I'm pretty sure that PLEK is pretty much the same everywhere - that's much of the appeal of it.


----------



## Brian Johnston (Feb 24, 2019)

I did that with a custom guitar... I had two fret areas (around the 12th fret) that were dead... you play a not and you don't hear anything (a plunk, but not a 'note'). I sent off my guitar and it came back with a note that it needs to be completely refretted. I'm not sure what they did... adjust the truss rod? But it was completely unplayable; the action was way friggin' off... high in some areas, low in others. Before I could, at least, play rhythm and lead on most of the neck... then it became trash. I tried to straighten out the neck with no luck. Long & McQuade didn't want anything to do with it, since any adjustments, etc., was done at the other end.


----------



## player99 (Sep 5, 2019)

Brian Johnston said:


> I did that with a custom guitar... I had two fret areas (around the 12th fret) that were dead... you play a not and you don't hear anything (a plunk, but not a 'note'). I sent off my guitar and it came back with a note that it needs to be completely refretted. I'm not sure what they did... adjust the truss rod? But it was completely unplayable; the action was way friggin' off... high in some areas, low in others. Before I could, at least, play rhythm and lead on most of the neck... then it became trash. I tried to straighten out the neck with no luck. Long & McQuade didn't want anything to do with it, since any adjustments, etc., was done at the other end.

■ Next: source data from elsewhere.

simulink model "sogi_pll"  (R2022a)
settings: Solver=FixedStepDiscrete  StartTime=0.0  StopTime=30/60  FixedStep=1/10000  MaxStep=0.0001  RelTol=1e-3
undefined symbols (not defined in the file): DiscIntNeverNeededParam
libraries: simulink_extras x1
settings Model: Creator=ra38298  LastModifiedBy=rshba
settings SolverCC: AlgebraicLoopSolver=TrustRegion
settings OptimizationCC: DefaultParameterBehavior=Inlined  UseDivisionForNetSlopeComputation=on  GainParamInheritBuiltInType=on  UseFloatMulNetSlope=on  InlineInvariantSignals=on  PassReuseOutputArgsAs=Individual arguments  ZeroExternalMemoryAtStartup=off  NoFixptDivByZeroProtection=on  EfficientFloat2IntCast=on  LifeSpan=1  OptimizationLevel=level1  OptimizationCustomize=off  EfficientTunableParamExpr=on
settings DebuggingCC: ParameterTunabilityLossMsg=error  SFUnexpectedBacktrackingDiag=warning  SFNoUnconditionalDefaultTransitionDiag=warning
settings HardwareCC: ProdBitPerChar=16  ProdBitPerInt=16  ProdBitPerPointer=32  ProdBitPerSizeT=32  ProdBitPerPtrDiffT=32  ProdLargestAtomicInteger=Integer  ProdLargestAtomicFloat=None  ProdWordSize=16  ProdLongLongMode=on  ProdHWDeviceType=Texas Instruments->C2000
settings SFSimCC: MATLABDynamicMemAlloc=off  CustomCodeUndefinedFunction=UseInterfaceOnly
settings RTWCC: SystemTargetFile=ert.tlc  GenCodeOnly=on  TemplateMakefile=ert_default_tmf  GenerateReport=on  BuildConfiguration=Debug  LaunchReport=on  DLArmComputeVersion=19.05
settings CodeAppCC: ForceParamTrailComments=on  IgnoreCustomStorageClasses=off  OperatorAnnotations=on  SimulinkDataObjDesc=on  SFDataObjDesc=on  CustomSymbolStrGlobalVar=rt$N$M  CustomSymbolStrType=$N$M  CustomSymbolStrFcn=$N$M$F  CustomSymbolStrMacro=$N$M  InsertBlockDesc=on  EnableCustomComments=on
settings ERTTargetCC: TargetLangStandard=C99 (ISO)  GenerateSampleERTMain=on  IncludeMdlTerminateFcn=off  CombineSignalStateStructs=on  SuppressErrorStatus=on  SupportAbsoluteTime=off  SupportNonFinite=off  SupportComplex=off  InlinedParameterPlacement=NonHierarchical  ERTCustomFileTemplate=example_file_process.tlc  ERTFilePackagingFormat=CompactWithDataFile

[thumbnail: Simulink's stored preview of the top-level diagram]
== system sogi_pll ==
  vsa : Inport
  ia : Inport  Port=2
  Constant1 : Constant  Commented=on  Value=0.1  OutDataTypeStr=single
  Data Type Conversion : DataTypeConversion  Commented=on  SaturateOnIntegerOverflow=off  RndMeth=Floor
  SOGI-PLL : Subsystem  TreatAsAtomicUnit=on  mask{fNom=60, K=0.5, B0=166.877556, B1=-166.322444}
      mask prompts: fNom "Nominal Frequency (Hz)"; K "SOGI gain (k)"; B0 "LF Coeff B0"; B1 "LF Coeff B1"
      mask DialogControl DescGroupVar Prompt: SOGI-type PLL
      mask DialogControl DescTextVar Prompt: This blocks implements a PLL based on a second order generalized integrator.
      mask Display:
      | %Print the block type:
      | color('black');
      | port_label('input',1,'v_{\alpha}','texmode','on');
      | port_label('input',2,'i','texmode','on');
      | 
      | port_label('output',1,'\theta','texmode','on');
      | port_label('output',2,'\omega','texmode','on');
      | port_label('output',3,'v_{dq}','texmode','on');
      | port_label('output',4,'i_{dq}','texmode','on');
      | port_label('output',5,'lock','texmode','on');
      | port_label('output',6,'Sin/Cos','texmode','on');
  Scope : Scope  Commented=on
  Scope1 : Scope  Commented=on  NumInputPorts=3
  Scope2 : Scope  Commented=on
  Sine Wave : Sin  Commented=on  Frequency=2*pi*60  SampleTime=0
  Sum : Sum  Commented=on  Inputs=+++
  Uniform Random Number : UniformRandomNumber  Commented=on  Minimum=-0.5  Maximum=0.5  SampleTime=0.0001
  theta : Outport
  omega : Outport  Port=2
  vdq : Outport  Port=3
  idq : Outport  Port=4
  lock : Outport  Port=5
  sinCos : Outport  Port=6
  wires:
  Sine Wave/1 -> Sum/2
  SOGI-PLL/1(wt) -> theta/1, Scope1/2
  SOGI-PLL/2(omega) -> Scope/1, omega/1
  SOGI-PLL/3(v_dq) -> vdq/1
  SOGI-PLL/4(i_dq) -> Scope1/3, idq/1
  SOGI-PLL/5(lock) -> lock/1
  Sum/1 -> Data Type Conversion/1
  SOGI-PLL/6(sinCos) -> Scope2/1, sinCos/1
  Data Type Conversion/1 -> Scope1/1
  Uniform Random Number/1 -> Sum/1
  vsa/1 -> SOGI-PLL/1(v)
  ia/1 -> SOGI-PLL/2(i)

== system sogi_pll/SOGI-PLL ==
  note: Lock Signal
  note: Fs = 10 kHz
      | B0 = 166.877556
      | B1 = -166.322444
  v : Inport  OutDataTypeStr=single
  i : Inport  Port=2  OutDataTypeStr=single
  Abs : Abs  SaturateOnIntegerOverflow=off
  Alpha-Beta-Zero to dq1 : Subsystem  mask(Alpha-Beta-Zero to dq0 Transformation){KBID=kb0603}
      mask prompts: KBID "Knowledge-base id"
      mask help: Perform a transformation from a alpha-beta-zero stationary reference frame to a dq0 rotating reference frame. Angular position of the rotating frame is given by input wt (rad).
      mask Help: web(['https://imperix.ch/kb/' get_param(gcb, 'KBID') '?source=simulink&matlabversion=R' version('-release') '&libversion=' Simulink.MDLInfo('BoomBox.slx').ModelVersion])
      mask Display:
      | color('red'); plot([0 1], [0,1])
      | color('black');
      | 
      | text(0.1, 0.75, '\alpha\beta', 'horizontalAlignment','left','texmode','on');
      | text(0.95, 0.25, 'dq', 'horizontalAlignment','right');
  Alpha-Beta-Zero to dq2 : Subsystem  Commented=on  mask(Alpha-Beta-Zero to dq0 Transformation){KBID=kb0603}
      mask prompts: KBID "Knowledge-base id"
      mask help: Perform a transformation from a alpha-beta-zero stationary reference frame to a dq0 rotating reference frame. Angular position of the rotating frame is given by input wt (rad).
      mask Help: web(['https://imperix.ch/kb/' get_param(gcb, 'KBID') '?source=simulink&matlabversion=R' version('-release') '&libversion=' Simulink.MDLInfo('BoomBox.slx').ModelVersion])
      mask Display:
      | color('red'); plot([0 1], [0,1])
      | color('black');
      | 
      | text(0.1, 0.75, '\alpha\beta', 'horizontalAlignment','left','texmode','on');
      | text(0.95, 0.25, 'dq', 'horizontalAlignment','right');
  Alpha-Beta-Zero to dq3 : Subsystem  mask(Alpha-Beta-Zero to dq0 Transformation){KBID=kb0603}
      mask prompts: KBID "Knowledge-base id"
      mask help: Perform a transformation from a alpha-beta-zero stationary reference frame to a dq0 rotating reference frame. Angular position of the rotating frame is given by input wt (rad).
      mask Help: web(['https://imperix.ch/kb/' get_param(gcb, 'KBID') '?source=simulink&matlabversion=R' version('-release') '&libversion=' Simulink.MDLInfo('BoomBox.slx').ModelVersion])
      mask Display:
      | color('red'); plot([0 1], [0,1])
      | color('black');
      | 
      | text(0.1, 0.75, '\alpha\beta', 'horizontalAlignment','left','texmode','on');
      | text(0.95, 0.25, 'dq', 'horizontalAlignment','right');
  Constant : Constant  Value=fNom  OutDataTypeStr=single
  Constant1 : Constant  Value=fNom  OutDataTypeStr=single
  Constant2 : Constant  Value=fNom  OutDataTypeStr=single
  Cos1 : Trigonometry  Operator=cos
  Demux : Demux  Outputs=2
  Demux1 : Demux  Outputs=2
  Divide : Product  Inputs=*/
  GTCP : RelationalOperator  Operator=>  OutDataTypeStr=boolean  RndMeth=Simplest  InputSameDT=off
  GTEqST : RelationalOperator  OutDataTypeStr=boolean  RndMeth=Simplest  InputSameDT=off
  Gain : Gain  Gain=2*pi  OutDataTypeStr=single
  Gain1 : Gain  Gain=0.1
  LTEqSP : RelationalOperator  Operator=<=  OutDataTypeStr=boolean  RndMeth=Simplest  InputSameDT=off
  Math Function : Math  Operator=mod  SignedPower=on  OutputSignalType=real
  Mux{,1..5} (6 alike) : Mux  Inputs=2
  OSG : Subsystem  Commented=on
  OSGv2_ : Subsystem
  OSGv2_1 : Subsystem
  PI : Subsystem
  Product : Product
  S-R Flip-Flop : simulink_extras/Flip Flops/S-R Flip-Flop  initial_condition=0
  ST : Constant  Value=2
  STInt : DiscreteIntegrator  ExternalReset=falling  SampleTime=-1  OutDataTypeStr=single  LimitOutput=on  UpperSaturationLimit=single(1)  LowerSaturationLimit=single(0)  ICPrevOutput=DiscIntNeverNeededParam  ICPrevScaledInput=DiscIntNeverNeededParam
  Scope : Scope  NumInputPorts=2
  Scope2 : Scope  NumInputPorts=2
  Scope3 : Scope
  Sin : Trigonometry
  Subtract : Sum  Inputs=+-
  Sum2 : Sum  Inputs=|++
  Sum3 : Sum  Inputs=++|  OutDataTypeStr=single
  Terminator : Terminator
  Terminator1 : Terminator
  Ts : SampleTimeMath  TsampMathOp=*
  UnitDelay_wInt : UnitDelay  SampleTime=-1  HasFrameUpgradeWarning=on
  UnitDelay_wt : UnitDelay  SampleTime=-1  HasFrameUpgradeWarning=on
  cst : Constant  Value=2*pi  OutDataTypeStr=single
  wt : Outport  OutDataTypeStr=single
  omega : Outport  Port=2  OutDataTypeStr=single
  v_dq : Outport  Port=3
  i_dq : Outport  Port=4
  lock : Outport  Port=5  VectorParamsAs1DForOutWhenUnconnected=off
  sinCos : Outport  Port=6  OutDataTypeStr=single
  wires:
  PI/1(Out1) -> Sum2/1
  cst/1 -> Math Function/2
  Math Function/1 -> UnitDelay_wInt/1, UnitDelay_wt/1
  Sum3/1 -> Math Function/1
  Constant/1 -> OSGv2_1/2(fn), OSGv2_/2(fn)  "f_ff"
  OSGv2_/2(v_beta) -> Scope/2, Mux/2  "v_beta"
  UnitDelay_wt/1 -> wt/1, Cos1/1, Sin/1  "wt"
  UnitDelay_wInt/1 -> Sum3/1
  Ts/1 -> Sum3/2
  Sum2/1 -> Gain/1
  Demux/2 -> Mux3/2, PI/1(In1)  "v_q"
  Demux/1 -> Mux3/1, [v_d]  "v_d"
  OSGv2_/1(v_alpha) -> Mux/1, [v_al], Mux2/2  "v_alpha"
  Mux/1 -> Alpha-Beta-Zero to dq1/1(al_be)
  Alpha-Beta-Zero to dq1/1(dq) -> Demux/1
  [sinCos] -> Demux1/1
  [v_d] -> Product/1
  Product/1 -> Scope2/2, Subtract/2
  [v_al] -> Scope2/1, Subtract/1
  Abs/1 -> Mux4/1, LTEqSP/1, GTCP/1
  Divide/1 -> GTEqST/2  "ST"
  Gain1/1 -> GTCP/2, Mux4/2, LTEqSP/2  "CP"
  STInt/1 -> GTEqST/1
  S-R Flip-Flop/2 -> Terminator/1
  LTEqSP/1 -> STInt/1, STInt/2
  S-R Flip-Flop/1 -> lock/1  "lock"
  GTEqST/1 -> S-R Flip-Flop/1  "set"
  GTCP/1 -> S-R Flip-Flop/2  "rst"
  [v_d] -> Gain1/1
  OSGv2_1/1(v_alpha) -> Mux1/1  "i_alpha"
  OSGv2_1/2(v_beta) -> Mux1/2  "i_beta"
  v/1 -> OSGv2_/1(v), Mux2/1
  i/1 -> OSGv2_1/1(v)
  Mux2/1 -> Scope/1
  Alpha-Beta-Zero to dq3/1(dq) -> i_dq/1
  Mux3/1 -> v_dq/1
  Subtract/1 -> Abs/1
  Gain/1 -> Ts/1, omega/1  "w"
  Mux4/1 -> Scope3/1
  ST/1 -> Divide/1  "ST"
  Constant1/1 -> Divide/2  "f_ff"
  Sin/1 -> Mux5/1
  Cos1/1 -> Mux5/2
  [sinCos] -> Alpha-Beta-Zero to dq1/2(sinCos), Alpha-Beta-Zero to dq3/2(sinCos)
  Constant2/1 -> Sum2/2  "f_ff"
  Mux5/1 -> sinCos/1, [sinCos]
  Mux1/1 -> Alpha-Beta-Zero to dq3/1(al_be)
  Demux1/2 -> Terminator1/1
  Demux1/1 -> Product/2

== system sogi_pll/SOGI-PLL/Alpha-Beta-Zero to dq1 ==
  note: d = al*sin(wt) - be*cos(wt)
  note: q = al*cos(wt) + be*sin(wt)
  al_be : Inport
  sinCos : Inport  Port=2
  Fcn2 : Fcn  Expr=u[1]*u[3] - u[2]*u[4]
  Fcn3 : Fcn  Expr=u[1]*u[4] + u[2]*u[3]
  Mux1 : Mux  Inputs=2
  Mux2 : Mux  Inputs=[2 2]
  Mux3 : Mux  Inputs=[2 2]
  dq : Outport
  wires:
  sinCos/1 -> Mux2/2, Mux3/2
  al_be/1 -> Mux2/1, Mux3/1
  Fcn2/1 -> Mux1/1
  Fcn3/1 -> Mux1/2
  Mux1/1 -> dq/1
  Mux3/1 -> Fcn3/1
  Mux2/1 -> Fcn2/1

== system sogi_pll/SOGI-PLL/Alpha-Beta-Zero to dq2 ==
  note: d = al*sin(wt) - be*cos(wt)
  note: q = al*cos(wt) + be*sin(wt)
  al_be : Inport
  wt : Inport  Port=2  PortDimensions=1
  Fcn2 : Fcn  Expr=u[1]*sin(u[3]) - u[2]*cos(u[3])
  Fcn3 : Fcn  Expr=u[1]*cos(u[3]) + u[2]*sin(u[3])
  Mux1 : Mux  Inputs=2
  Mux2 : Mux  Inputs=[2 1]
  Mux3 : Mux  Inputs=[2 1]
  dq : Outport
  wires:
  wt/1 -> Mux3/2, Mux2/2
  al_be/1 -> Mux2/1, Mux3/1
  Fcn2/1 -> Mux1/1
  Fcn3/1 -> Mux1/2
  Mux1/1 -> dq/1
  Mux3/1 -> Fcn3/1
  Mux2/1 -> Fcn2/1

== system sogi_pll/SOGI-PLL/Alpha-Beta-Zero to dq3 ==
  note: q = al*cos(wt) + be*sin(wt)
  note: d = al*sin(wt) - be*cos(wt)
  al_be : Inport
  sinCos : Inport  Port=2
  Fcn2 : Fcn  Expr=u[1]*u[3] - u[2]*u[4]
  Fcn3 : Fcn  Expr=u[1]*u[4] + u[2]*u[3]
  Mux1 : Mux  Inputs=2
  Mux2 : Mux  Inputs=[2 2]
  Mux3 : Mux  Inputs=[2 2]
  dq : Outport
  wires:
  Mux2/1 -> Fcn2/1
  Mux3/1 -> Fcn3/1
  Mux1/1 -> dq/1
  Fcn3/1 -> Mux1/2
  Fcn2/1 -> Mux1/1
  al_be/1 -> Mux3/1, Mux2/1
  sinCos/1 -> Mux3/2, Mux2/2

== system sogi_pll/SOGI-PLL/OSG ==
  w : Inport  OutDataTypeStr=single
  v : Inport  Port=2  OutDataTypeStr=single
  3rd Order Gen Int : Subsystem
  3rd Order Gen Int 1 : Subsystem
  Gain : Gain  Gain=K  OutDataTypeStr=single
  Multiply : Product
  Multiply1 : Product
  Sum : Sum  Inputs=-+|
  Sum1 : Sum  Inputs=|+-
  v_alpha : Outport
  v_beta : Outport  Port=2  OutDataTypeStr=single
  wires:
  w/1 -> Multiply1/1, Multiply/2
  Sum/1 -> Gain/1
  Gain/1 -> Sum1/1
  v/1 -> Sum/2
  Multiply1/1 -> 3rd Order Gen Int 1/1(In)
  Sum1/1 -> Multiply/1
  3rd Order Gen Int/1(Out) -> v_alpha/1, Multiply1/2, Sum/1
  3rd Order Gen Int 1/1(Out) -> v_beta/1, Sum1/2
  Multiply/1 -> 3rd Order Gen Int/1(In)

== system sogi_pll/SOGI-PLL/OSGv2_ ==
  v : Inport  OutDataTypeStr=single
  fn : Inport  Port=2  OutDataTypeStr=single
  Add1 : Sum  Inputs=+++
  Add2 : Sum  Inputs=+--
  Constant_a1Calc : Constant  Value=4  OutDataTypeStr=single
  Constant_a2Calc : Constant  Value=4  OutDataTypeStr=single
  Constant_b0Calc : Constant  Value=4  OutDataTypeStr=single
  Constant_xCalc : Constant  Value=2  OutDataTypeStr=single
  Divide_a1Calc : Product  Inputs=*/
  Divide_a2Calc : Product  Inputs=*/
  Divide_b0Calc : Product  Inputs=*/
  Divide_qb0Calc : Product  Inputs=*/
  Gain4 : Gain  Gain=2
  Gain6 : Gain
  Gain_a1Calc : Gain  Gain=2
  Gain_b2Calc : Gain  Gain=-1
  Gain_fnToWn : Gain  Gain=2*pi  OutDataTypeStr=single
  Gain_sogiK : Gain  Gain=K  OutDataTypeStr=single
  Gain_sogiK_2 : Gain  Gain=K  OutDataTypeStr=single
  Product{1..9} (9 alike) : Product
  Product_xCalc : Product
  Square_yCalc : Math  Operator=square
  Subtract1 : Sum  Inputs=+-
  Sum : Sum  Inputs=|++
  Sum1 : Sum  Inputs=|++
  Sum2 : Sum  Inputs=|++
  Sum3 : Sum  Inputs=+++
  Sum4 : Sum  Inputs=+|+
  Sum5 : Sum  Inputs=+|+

Who did it? Was it pleked?


----------



## player99 (Sep 5, 2019)

bw66 said:


> I'm pretty sure that PLEK is pretty much the same everywhere - that's much of the appeal of it.


No, completely wrong. The guy running it first gets the plek to scan the guitar with the strings on, then with them off. Then there is a crude computer screen graph of the frets. The tech must then tell the machine what to do, there are a bunch of settings and some profiles etc. It is only as good as the luthier running it. After the plek there is still work to be done by hand.


----------



## Brian Johnston (Feb 24, 2019)

player99 said:


> Who did it? Was it pleked?


Yes, out of Pickering (through Long & McQuade)


----------



## Permanent Waves (Jun 2, 2020)

For those who might be interested, the third PLEK machine in Canada is in Ottawa at Ian Weston's shop (ottawaguitarrepair.com) and he is very good with it. He's done work on some of my guitars and he is a most talented luthier.


----------



## player99 (Sep 5, 2019)

I would stick with L&M or Cosmo.


----------



## fogdart (Mar 22, 2017)

Ian Weston or Cosmo.


----------



## player99 (Sep 5, 2019)

fogdart said:


> Ian Weston or Cosmo.


Have you used Weston?


----------



## oheare (Jun 18, 2012)

I had Ian Weston Plek an Alembic Orion bass I bought (ab)used. It took it from a pretty good bass to absolutely stellar. Now I need to sort out the electronics, and _play_ the dang thing...

Seriously, Ian did a wonderful job, and I highly recommend his work.


----------



## player99 (Sep 5, 2019)

After using Weston I decided to do my own work. Or I will use Gerome at Glebe Guitar Repair.


----------



## jbealsmusic (Feb 12, 2014)

Just for some context regarding Ian. He isn't just a luthier/tech who happens to have a Plek machine. He is a member of Plek's service and support team. He helps provide training, service, and support to many of the Plek machines in North America, including big brands like PRS, etc. He probably helped with the install, setup, and training for Cosmo and L&M (though you'd have to confirm with him on that one, if he'd even be allowed to confirm it).

We did a podcast episode with him last month where he talked a bit about Plek:





Great guy. Seriously high standards for his workmanship. Doesn't come cheap though...


----------



## player99 (Sep 5, 2019)

I am trying not to scream.


----------



## jbealsmusic (Feb 12, 2014)

player99 said:


> I am trying not to scream.


Didn't have a good experience?


----------



## player99 (Sep 5, 2019)

jbealsmusic said:


> Didn't have a good experience?


I'll tell you about it sometime. Ridiculous.


----------



## Grab n Go (May 1, 2013)

I can vouch for George Vasiliou at Cosmo Music. He's a very talented luthier and I'd trust him at the wheel of a Plek Machine.


----------